Thursday, March 16, 2023

Photographing lions on safari in Tanzania, Africa

On our recent safari in Tanzania, we were treated to many lion sitings. It is not uncommon to see these majestic cats in the wild, but the real treat was to see them in so many different situations. 

One of our first lion sitings occurred when we were in the Ngorongoro crater, but they were pretty far from us and you can not drive off-road in the crater to closer. The same day that we left the crater, we drove to my favorite area of Tanzania, an area called Ndutu. In this area, we can drive off-road. This means that if we see a lion in a tree, we can drive right to the tree to get a nice photo. Within minutes of entering Ndutu we saw this lioness resting up in a tree. Our photo tour guests were really excited to get photos of her as she moved from branch to branch.

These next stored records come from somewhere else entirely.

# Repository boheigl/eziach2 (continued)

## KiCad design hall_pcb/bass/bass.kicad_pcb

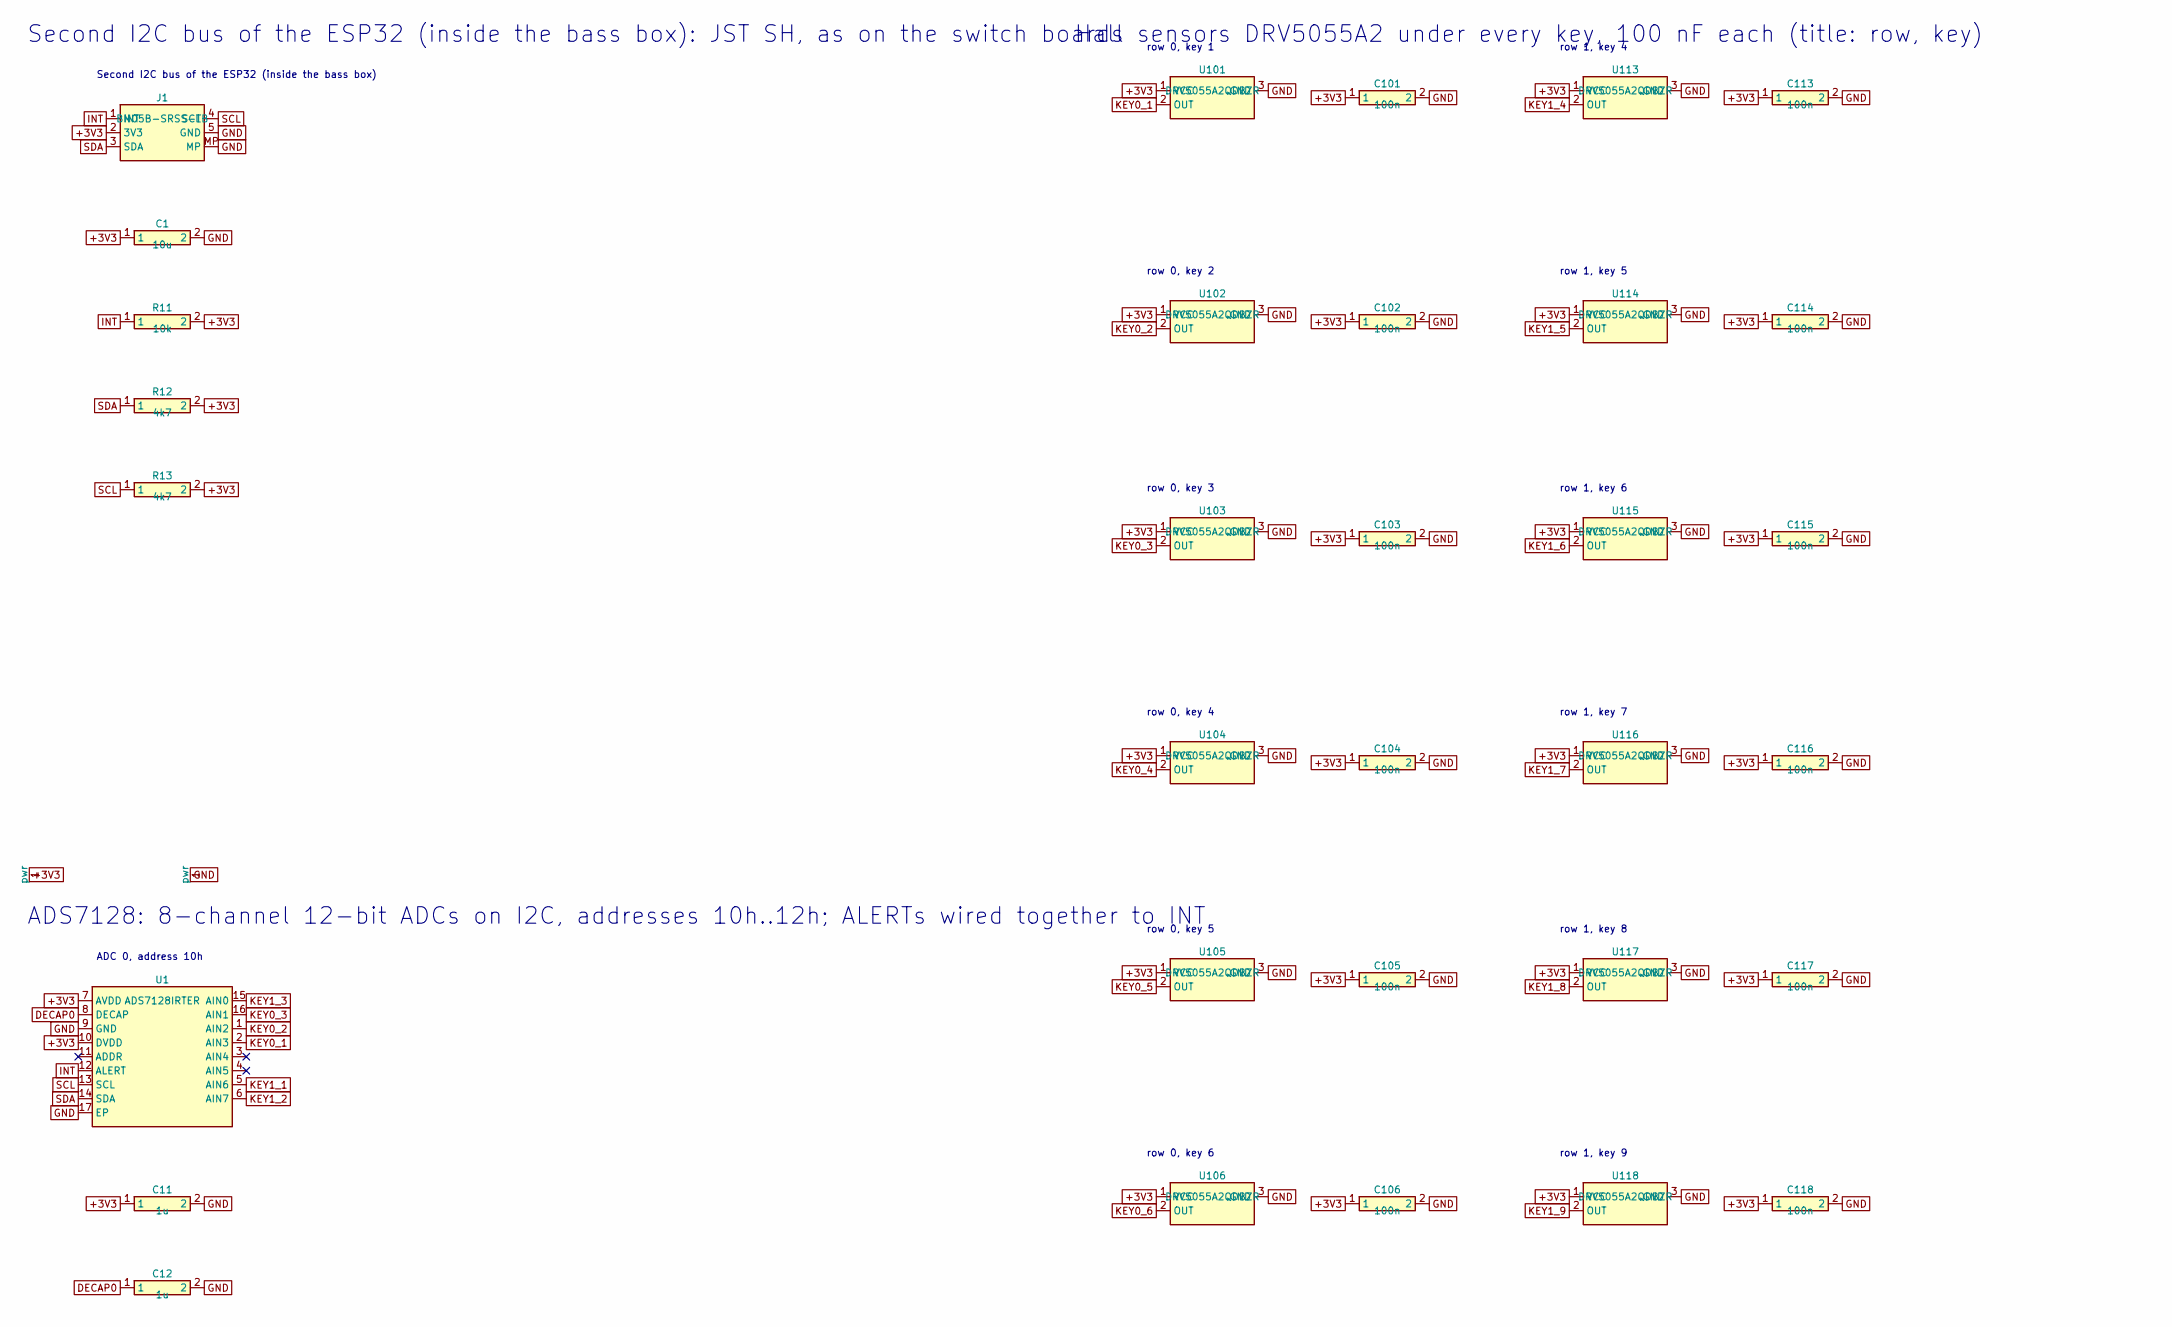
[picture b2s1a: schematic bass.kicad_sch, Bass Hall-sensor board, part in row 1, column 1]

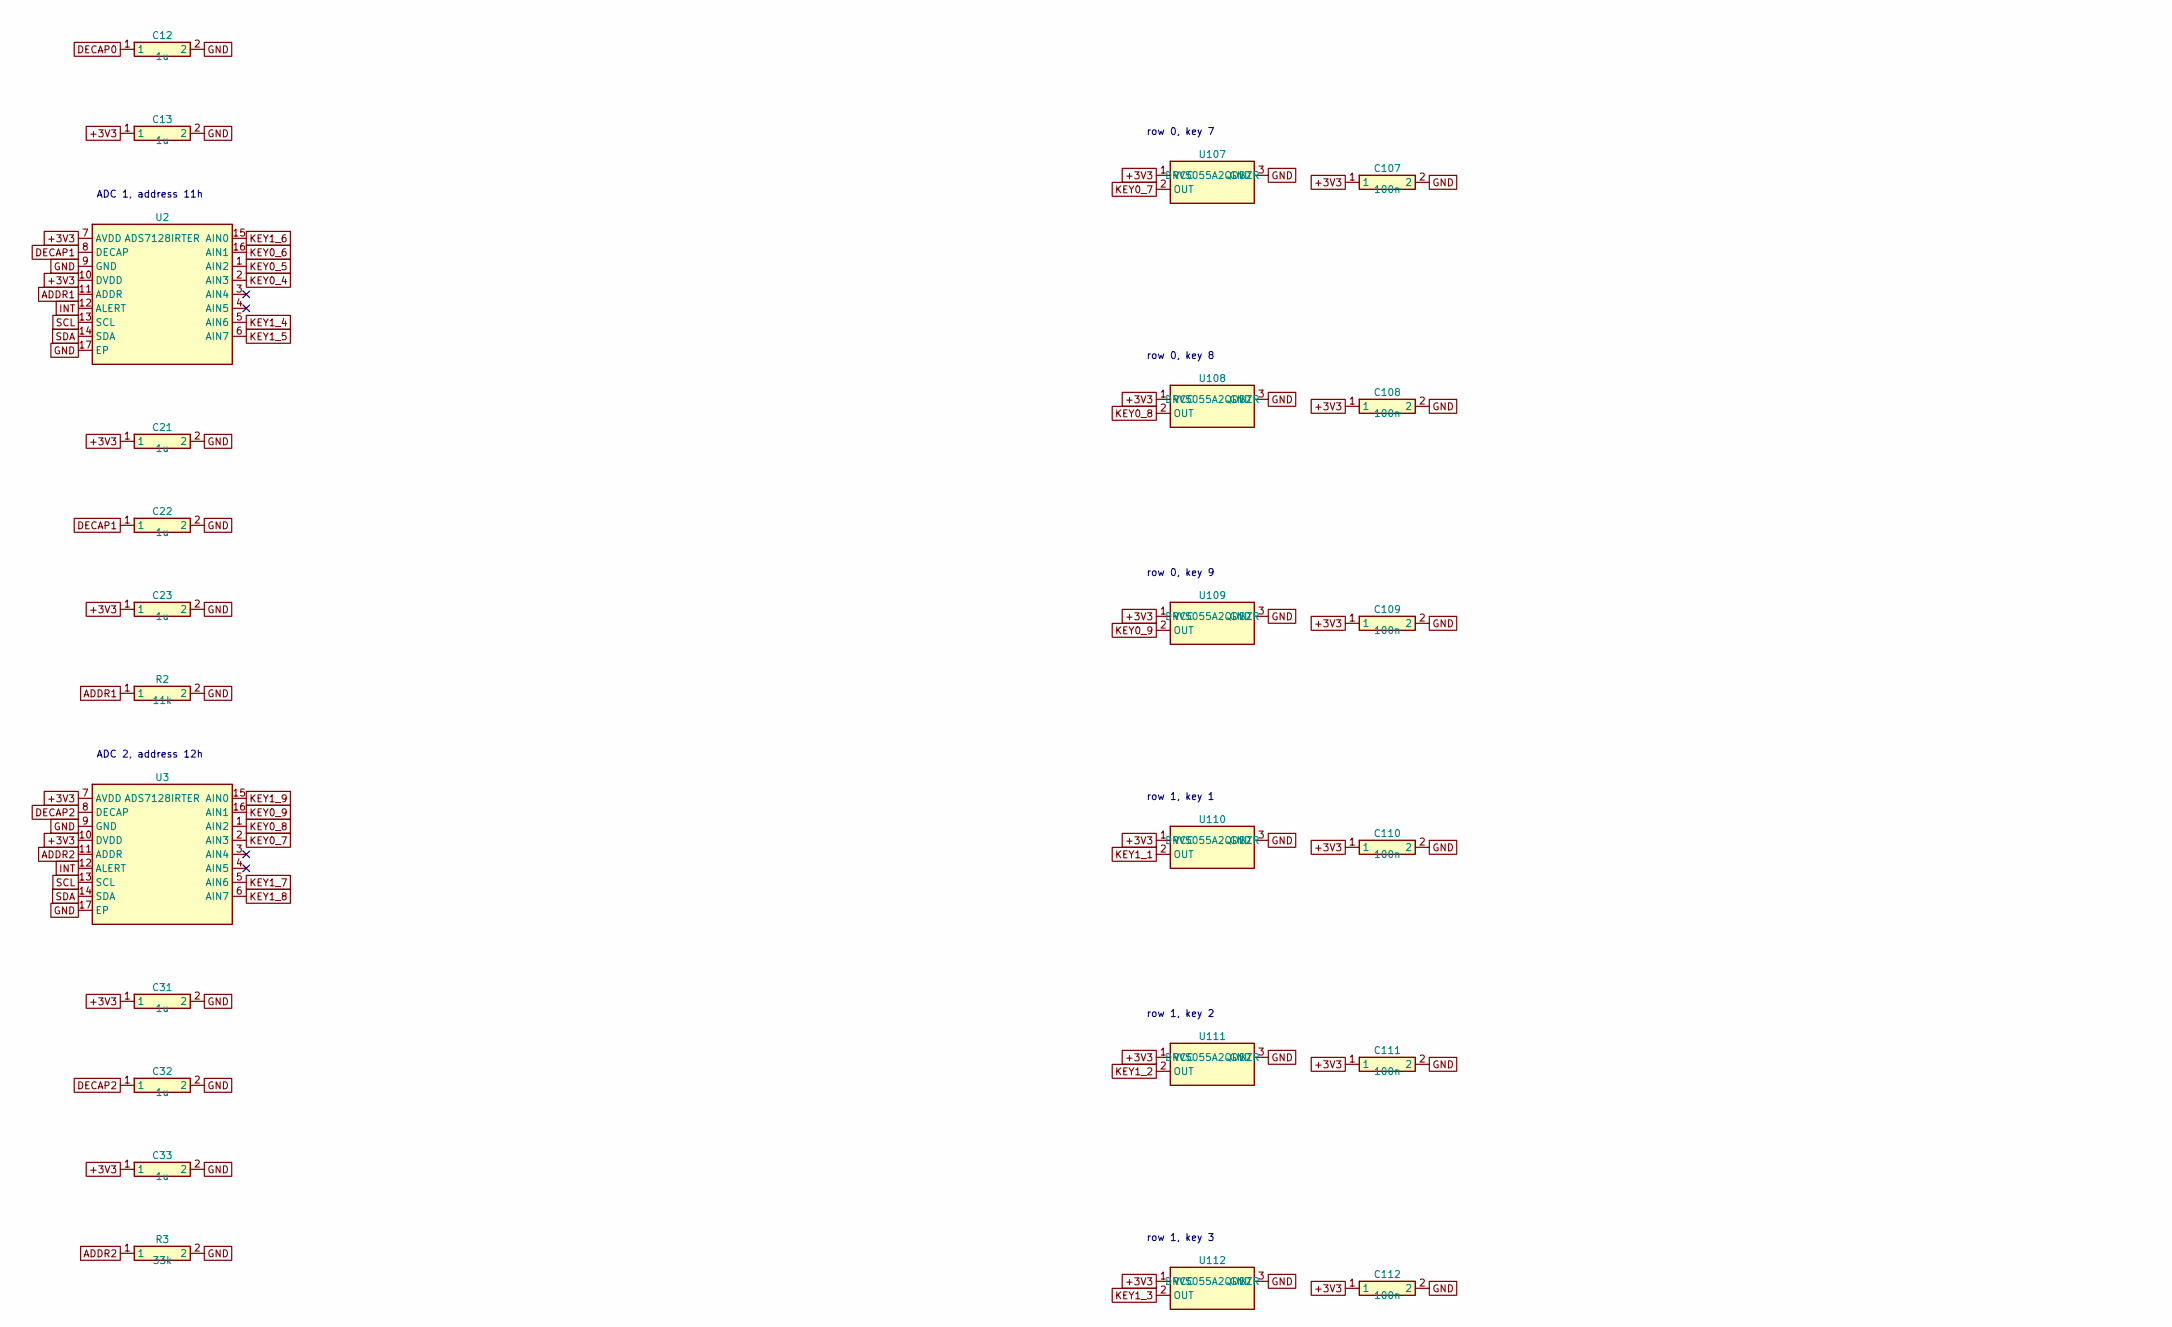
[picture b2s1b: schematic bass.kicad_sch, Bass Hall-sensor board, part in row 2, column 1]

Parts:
C1: 10u; C_0805_2012Metric; LCSC C15850
C11, C12, C13, C21, C22, C23, C31, C32, C33: 1u; C_0402_1005Metric; LCSC C52923
C101, C102, C103, C104, C105, C106, C107, C108, C109, C110, C111, C112, C113, C114, C115, C116, C117, C118: 100n; C_0402_1005Metric; LCSC C1525
J1: BM05B-SRSS-TB; JST_SH_BM05B-SRSS-TB_1x05-1MP_P1.00mm_Vertical; LCSC C160391
R2: 11k; R_0402_1005Metric; LCSC C25749
R3: 33k; R_0402_1005Metric; LCSC C25779
R11: 10k; R_0402_1005Metric; LCSC C25744
R12, R13: 4k7; R_0402_1005Metric; LCSC C25900
U1, U2, U3: ADS7128IRTER; WQFN-16-1EP_3x3mm_P0.5mm_EP1.68x1.68mm; LCSC C2867992
U101, U102, U103, U104, U105, U106, U107, U108, U109, U110, U111, U112, U113, U114, U115, U116, U117, U118: DRV5055A2QDBZR; SOT-23; LCSC C266131

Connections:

Also in Ndutu, we watched as some of the lions stopped for a drink. The one above appears to be pregnant, or possibly just have a very full belly.

Here is another female drinking.

My goal is to get our vehicles in the best position to photograph the wildlife. We saw this one lioness walking in our direction. Our guide quickly moved so that we could get a nice photo of her with sunlight on her and the tall grass in the background.

The same lioness that you saw walking in the previous photo decided to plop down and take a rest very near our vehicle. I wanted to get a photo from a low angle, so I used the reciprocating screen of the Canon R5 (with the Canon RF100-500mm lens mounted to the camera) to lower the camera outside of the vehicle as low to the ground as I could and fire off some shots a couple of feet off the ground. 

In the same pride of lions, there was this one male...

The female was not very happy with the male! I was really happy to capture the emotion in the female, but did not expect the male to jump out of the frame. Arghhhh! This would have been so much better if we saw the whole male.

If you have been on safari before, you may know that there is a whole ritual with the mating process. I told all of our guests what to expect and we all had fun capturing the interactions between the male and females. At this particular moment, I think the female startled the male.

And in this shot, I think the second female startled the first female.

They were likely fighting for dominance.

The mating process is always interesting. The entire process happens in about 20 seconds, and it is repeated about every 20 minutes, sometimes for as long as a week. The male lion almost always looks angry and the female typically looks bored. Many times after completion, the female will snap back at the male before turning over on her back. She turns onto her back to help the fertilization process (since the lioness' fallopian tubes are curved).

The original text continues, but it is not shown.